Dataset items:
____

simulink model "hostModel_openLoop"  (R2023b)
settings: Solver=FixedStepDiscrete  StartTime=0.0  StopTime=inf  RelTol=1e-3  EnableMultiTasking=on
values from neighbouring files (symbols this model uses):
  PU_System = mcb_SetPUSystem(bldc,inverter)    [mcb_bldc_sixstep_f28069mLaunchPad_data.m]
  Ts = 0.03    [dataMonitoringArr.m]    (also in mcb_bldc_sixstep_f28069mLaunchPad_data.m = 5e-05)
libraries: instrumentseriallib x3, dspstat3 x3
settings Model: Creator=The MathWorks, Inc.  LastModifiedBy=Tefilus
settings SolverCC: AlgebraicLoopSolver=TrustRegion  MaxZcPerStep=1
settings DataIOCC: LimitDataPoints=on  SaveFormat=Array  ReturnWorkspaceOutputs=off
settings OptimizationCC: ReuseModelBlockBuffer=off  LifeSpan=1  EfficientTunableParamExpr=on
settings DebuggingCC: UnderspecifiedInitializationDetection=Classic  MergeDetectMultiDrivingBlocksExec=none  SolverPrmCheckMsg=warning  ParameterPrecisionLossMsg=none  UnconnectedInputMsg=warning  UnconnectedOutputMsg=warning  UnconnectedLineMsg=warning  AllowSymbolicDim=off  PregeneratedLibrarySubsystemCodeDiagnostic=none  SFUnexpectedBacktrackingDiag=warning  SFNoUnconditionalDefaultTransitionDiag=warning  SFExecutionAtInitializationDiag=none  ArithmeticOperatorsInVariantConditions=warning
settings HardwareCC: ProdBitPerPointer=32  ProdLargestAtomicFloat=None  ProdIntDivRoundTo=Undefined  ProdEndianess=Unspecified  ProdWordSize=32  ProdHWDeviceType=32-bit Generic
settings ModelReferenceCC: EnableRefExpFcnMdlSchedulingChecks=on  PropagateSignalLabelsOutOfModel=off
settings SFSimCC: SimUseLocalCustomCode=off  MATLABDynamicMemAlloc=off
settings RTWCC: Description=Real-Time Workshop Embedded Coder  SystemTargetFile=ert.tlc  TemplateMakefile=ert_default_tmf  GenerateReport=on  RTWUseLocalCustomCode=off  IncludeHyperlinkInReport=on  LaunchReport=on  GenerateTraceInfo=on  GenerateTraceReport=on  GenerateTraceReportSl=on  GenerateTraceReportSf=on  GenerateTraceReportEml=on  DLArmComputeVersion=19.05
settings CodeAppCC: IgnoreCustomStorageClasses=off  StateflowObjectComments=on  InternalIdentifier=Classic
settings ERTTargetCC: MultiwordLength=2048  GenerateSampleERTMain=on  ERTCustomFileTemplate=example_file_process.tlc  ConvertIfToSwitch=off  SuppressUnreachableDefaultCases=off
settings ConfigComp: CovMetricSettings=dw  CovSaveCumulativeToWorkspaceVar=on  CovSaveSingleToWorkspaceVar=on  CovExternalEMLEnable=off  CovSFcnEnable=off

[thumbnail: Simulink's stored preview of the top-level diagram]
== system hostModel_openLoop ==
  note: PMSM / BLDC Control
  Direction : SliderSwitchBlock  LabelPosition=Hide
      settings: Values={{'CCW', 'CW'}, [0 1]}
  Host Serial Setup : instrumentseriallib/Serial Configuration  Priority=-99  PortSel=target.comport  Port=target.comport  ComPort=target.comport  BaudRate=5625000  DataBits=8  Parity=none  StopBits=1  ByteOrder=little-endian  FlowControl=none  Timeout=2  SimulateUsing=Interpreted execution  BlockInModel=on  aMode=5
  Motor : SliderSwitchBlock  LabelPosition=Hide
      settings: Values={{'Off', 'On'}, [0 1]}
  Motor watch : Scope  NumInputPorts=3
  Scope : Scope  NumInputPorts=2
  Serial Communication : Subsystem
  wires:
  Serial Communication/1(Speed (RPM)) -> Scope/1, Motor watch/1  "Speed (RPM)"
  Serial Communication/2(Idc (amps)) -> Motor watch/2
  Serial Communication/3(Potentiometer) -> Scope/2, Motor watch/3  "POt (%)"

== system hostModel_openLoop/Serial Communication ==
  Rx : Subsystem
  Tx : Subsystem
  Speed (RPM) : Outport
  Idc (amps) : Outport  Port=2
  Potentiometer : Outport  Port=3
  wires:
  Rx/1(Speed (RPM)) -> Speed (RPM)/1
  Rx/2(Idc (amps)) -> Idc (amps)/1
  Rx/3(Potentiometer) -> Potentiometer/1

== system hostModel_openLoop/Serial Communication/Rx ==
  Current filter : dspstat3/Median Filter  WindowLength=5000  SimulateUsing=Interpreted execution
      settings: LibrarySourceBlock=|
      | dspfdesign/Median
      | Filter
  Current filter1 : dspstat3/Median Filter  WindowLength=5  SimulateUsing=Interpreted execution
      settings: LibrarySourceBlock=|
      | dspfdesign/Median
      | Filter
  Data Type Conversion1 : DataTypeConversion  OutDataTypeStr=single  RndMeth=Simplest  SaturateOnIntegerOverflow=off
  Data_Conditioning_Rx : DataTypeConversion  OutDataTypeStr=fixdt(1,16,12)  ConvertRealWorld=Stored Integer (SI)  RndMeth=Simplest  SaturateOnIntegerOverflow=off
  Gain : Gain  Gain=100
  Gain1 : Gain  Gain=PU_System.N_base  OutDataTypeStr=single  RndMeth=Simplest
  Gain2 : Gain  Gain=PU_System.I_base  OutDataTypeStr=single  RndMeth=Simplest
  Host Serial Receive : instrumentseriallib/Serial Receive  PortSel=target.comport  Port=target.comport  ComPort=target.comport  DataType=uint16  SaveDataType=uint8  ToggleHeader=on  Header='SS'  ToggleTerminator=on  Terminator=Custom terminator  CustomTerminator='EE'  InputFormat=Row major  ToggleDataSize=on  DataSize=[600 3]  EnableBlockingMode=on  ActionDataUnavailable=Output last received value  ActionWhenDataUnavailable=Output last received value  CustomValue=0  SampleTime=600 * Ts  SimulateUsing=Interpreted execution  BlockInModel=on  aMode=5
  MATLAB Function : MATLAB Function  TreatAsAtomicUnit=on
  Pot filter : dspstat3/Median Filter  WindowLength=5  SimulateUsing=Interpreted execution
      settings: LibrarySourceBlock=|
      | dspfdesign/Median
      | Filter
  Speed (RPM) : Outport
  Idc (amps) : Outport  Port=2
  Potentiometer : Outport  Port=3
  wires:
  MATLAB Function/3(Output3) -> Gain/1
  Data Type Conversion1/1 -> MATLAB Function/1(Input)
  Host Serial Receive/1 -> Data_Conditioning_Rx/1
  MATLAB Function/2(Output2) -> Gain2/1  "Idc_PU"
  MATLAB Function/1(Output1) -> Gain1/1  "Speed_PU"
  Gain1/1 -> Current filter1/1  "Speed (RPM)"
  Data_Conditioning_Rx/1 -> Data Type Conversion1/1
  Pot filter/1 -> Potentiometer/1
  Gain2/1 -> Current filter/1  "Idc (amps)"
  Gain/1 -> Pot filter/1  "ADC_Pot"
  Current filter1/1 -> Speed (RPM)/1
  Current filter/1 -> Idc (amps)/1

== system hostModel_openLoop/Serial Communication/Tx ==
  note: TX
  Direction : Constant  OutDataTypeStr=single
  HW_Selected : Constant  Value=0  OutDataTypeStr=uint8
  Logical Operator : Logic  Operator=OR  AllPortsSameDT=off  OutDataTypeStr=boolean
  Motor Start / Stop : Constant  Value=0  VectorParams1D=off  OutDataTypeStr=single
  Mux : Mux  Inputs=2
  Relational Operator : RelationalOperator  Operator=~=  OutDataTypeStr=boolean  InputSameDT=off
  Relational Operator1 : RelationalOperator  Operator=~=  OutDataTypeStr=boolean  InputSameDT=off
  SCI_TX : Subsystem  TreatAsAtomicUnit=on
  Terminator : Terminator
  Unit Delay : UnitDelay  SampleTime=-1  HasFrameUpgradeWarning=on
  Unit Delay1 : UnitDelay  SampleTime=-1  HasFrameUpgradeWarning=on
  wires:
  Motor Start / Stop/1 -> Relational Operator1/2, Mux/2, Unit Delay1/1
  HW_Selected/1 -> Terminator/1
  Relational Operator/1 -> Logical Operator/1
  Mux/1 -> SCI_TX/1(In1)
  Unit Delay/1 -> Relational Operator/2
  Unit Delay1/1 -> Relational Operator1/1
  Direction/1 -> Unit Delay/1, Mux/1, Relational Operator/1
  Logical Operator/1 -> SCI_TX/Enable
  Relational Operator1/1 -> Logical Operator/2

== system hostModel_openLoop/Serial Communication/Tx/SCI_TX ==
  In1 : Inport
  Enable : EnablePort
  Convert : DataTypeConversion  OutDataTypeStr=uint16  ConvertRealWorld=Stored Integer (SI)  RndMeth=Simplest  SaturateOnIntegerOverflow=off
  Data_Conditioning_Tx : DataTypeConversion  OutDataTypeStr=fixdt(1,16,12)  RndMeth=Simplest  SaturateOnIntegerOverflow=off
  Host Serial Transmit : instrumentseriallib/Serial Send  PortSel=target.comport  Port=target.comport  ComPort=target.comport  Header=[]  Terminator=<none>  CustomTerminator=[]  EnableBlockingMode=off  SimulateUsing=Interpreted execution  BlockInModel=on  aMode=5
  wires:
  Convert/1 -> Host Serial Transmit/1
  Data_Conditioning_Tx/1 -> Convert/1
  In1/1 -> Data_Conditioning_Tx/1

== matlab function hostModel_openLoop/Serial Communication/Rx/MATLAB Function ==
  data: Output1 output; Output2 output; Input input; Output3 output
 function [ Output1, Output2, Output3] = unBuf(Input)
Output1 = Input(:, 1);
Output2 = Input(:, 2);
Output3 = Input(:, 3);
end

____

ABOUT THIS EXERCISE:
Wherever a line above includes the string "LabelPosition", count it; give only the final tally.

WRITTEN ANSWER:
2